Lawn hesitated. “I can’t bear to think of Pat behind bars. I can’t bear to think of anybody behind bars, for that matter. It isn’t humane to lock people up. I’ve been there myself, you see.”

“You have?”

“Oh, didn’t you know? Yes, I spent three days locked up when I was seventeen.” She laughed suddenly at Miss Withers’s expression. “Oh, it wasn’t anything so very criminal. It was just that I’d run away from home, and the Atlanta police held me until father could come down and lead me home in disgrace.”

“You’ve had quite a career, haven’t you?” Miss Withers’s voice was faintly envious.

“An unlucky one, at least so far,” Lawn admitted. “And right now I don’t think I’d have much luck with Pat Montague. Not that I wouldn’t like to …” She shook her head. “I guess I’ll run along.”

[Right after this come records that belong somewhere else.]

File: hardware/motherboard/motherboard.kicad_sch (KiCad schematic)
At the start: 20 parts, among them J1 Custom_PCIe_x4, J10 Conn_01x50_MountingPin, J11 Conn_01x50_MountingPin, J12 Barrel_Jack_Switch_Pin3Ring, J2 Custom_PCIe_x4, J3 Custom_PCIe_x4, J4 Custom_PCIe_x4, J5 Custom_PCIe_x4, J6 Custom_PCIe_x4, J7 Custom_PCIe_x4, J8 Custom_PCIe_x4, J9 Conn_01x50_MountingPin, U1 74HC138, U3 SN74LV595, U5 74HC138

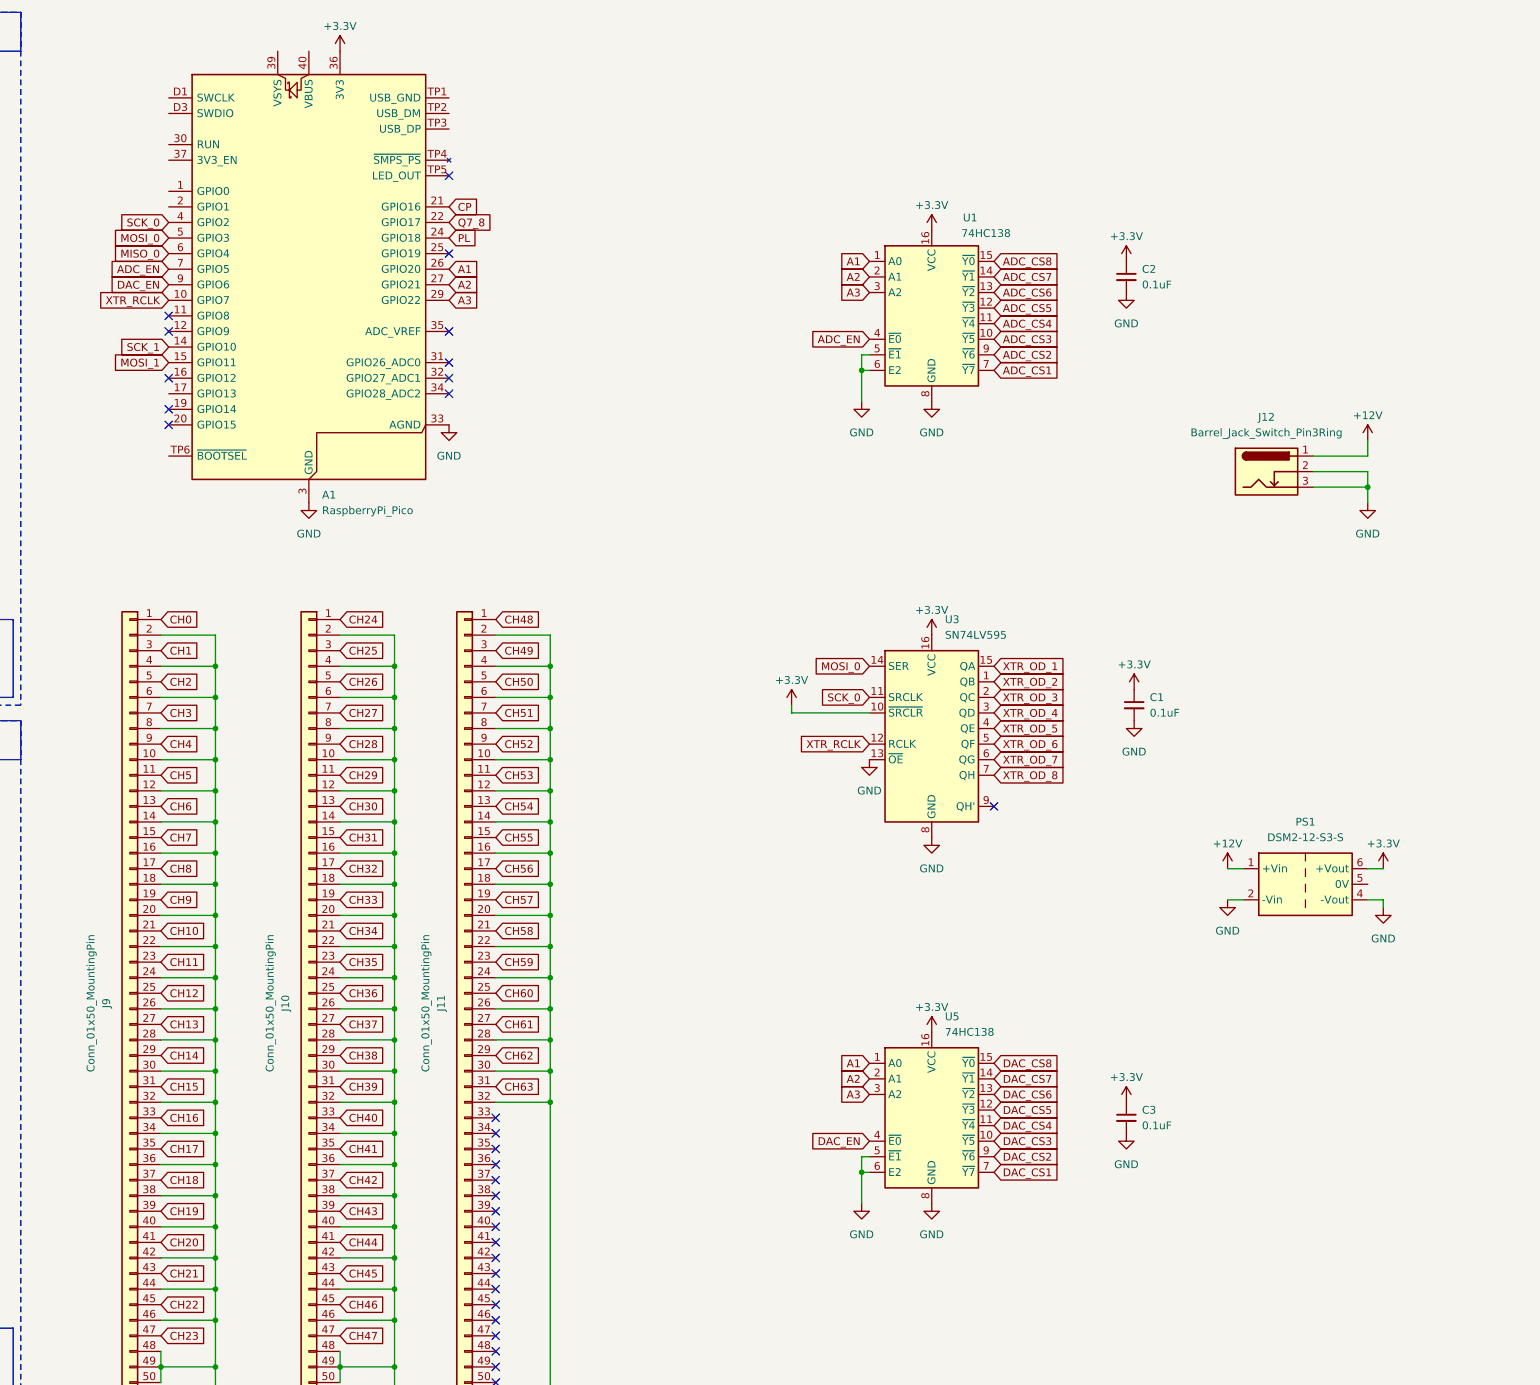
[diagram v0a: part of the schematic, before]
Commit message: updated daughterboard with eeprom and some layout improvements and padne simulations
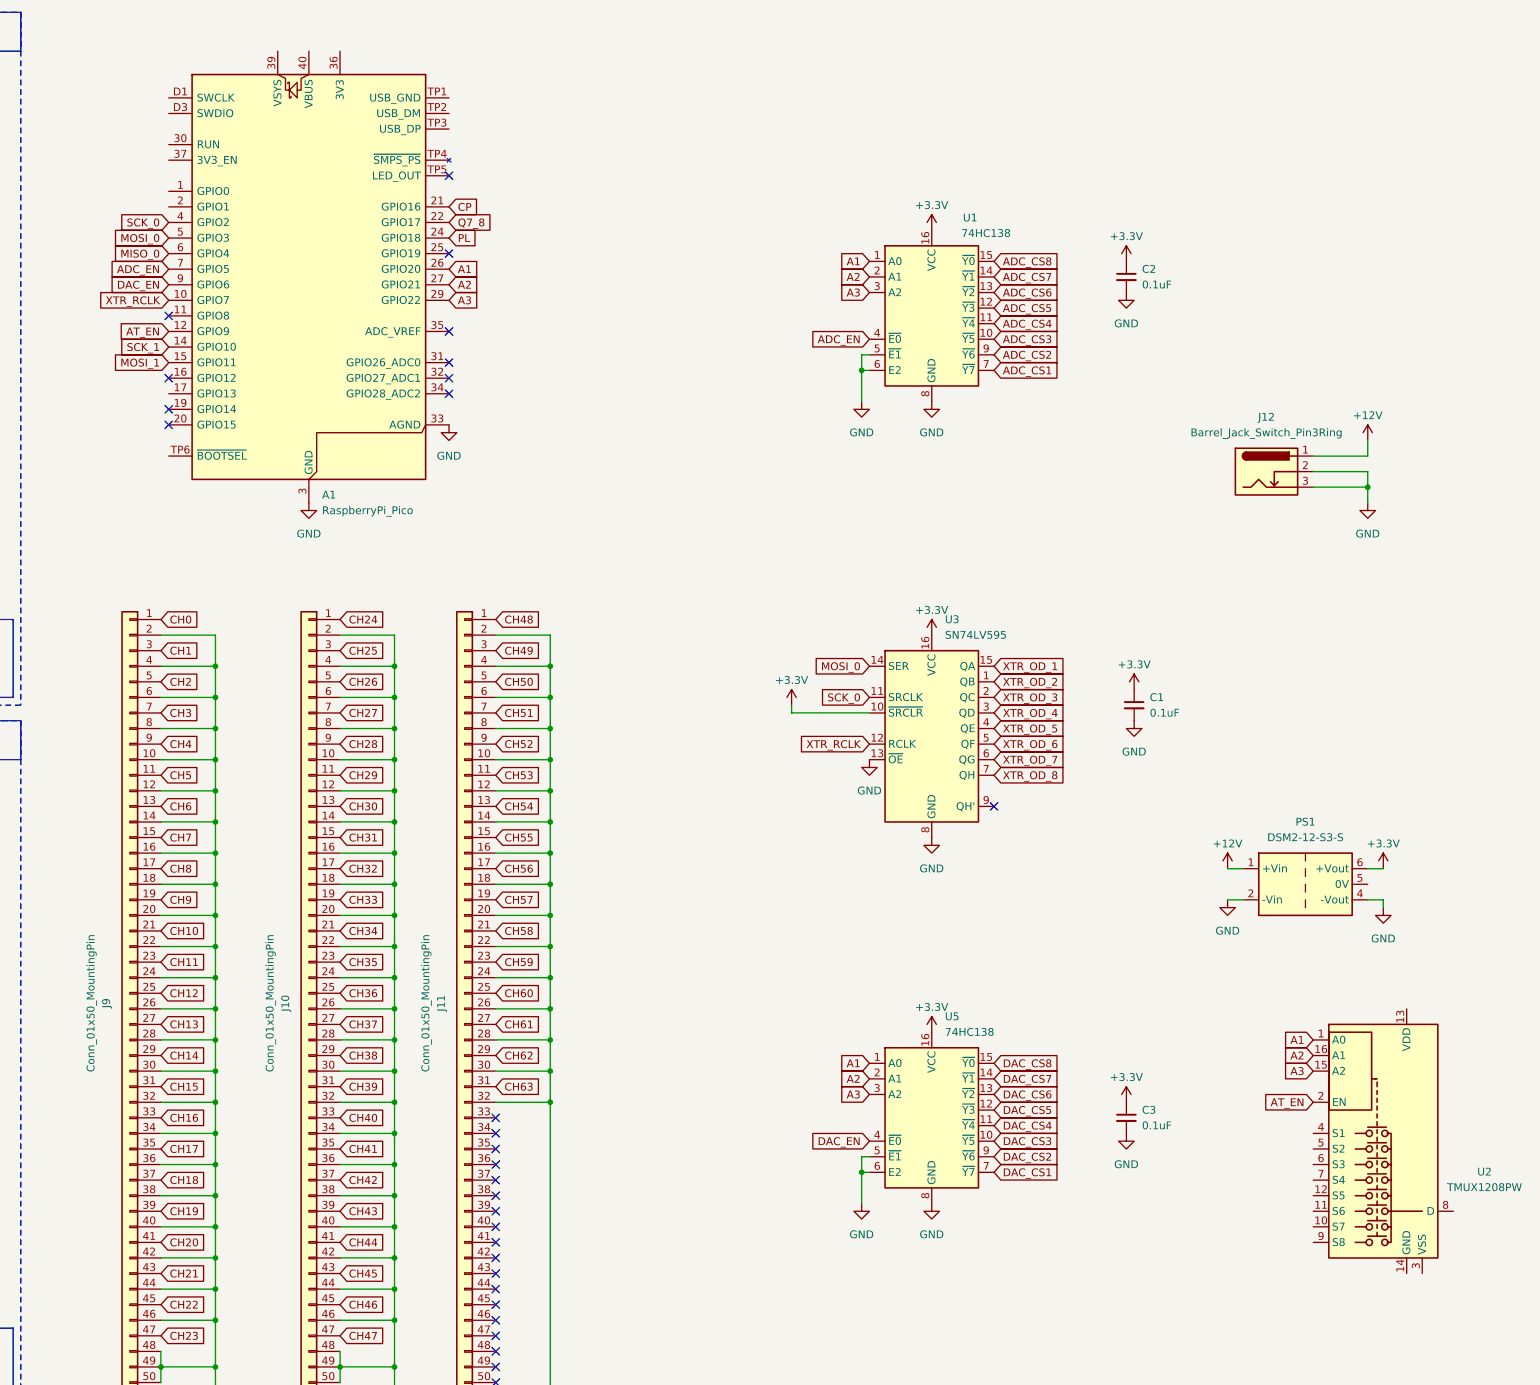
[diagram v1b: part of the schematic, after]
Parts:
- added U2: TMUX1208PW, Package_SO:TSSOP-16_4.4x5mm_P0.65mm, symbol Analog_Switch:TMUX1208PW
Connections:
- net +3.3V: no longer A1.36 (3V3)
- net A1: now also U2.1 (A0)
- net A2: now also U2.16 (A1)
- net A3: now also U2.15 (A2)
- net AT_EN: now reaches A1.12 (GPIO9)
- net AT_EN: now also U2.2 (EN)
- no-connect marks 46 -> 45

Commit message: update pcb
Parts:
- added C4: 0.1uF, Capacitor_SMD:C_0603_1608Metric, symbol Device:C_Small
- added TP1, TP2, TP3, TP4: TestPoint, Connector_PinHeader_2.54mm:PinHeader_1x01_P2.54mm_Vertical, symbol Connector:TestPoint
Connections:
- net +12V: now also J1.A30 (+12V), J2.A30 (+12V), J3.A30 (+12V), J4.A30 (+12V), J5.A30 (+12V), J6.A30 (+12V), J7.A30 (+12V), J8.A30 (+12V); no longer J1.A3 (+3.3V), J2.A3 (+3.3V), J3.A3 (+3.3V), J4.A3 (+3.3V), J5.A3 (+3.3V), J6.A3 (+3.3V), J7.A3 (+3.3V), J8.A3 (+3.3V)
- net +3.3V: now also U2.13 (VDD), C4.1; no longer J1.B9 (MISO_1), J2.B9 (MISO_1), J3.B9 (MISO_1), J4.B9 (MISO_1), J5.B9 (MISO_1), J6.B9 (MISO_1), J7.B9 (MISO_1), J8.B9 (MISO_1)
- net GND: now also J1.A3 (GND), J2.A3 (GND), J3.A3 (GND), J4.A3 (GND), J5.A3 (GND), J6.A3 (GND), J7.A3 (GND), J8.A3 (GND), U2.14 (GND), U2.3 (VSS), C4.2; no longer J1.A7 (GND), J2.A7 (GND), J3.A7 (GND), J4.A7 (GND), J5.A7 (GND), J6.A7 (GND), J7.A7 (GND), J8.A7 (GND)
- net MISO_0: now also TP3.1
- net MOSI_0: now also TP2.1
- net SCK_0: now also TP1.1
- net MISO_1: now reaches A1.16 (GPIO12)
- net MISO_1: now also J1.B9 (MISO_1), J2.B9 (MISO_1), J3.B9 (MISO_1), J4.B9 (MISO_1), J5.B9 (MISO_1), J6.B9 (MISO_1), J7.B9 (MISO_1), J8.B9 (MISO_1)
- net AT_MUX: now reaches A1.17 (GPIO13)
- net AT_MUX: now also U2.8 (D)
- net AT7: now reaches U2.10 (S7)
- net AT7: now also J7.A7 (AT)
- net AT6: now reaches U2.11 (S6)
- net AT6: now also J6.A7 (AT)
- net AT5: now reaches U2.12 (S5)
- net AT5: now also J5.A7 (AT)
- net AT1: now reaches U2.4 (S1)
- net AT1: now also J1.A7 (AT)
- net AT2: now reaches U2.5 (S2)
- net AT2: now also J2.A7 (AT)
- net AT3: now reaches U2.6 (S3)
- net AT3: now also J3.A7 (AT)
- net AT4: now reaches U2.7 (S4)
- net AT4: now also J4.A7 (AT)
- net AT8: now reaches U2.9 (S8)
- net AT8: now also J8.A7 (AT)
- no-connect marks 45 -> 36
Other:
- moved on the sheet: C3, J12, PS1, U5

“Shall I give him a message?”

“Why …” Lawn thought. “Just tell him that I know he’s innocent and that it won’t be long before everybody else knows it too.” She pressed Miss Withers’s arm and turned back swiftly towards the curb and Helen’s light car, which she had parked there at an angle. “I’d better get this heap home before my sister gets more furious at me than she is already. Good night, and good luck.”

Miss Withers stared after her. “It’s the younger generation, knock-knock-knocking at the door,” she hummed to herself. She was suddenly glad that she had never tried bringing up anything more complicated than kittens, puppies, canaries, and tropical fish.